When I do guided imagery, I imagine the ACEs impact, along with the cancer cells being eradicated and healed by my immune system. When my tumor markers go down, I imagine it's the relief of carrying less trauma in each cell. Who knows, I may rebound from cancer feeling healthier than ever thanks to the ACE-ectomy! Before I lost my hair, my friend Heidi planned a photoshoot and brought blank canvases to write on. As well as some angry F-cancer signs, I wrote my intention to be healed in all ways by 2020. It's possible.

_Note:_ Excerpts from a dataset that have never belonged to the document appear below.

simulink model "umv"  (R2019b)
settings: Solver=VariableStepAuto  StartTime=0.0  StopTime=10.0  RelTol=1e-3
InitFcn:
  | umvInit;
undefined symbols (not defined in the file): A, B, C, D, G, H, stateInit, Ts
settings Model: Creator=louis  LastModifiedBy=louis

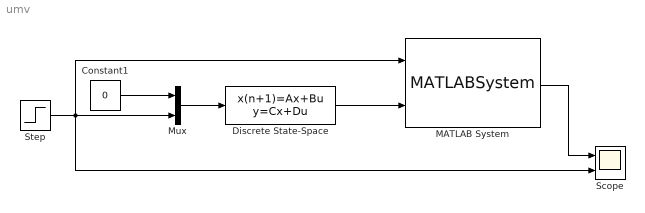
== system umv ==
  Constant1 : Constant  Value=0  SampleTime=Ts
  Discrete State-Space : DiscreteStateSpace  A=A  B=[B H]  C=C  D=[D G]  InitialCondition=stateInit  SampleTime=Ts
  MATLAB System : MATLABSystem  System=UMV  ModelSourceChoice=Individual matrices  AMat=A  BMat=B  HMat=H  CMat=C  DMat=D  GMat=G  NxUserDefined=1  NuUserDefined=1  NeUserDefined=1  NyUserDefined=1  Ts=Ts  xInit=stateInitUmv  PInit=PInit  isQTimeInvariant=on  QMat=Q  isRTimeInvariant=on  RMat=R  hasKnownInput=on  showEstimatedState=off  showEstimatedInputs=on  showEstimatedOutput=off  showStateCovariance=off
      mask Type: UMV
      mask Display:
      | disp(['Unbiased' char(10) 'Minimum' char(10) 'Variance' char(10) 'Filter']);
      | port_label('input',1,'u');
      | port_label('input',2,'y');
      | port_label('output',1,'ehat');
  Mux : Mux  Inputs=2
  Scope : Scope  NumInputPorts=2
  Step : Step  After=10  SampleTime=Ts
  wires:
  Discrete State-Space/1 -> MATLAB System/2
  Mux/1 -> Discrete State-Space/1
  Step/1 -> Scope/2, MATLAB System/1, Mux/2
  Constant1/1 -> Mux/1
  MATLAB System/1 -> Scope/1

It's odd to see a photo of myself with hair as that's now gone. @Jane Stevens (ACEs Connection staff) said I could be her buzzcut buddy. While I am quite sure no one rocks this look as well as she does, her example inspires. Losing my hair was not as hard as I'd feared it would be and I'm not sure that would have been the case if she'd not led the way and wrote about it so beautifully here. We need to have real-life examples of those who have walked in our shoes. At least for me, no matter what I'm surviving, little else offers more comfort.
I know this post is heavy but I must say I have had so much support. I have never felt more loved in all my life. I'll share about all of that as well. It's been more healing than grueling, overall.
Plus, when I'm cold, my dog seems to know and warms my head and heart.
I'm better able to savor moments. When asked how I am, my new mantra is this: "In this moment... I am (fill in the blank)," and it astounds me how often I can honestly say, "good, great or o.k."
As so many have reminded me, and now I truly get in my gut, this moment is all any of us have and are guaranteed.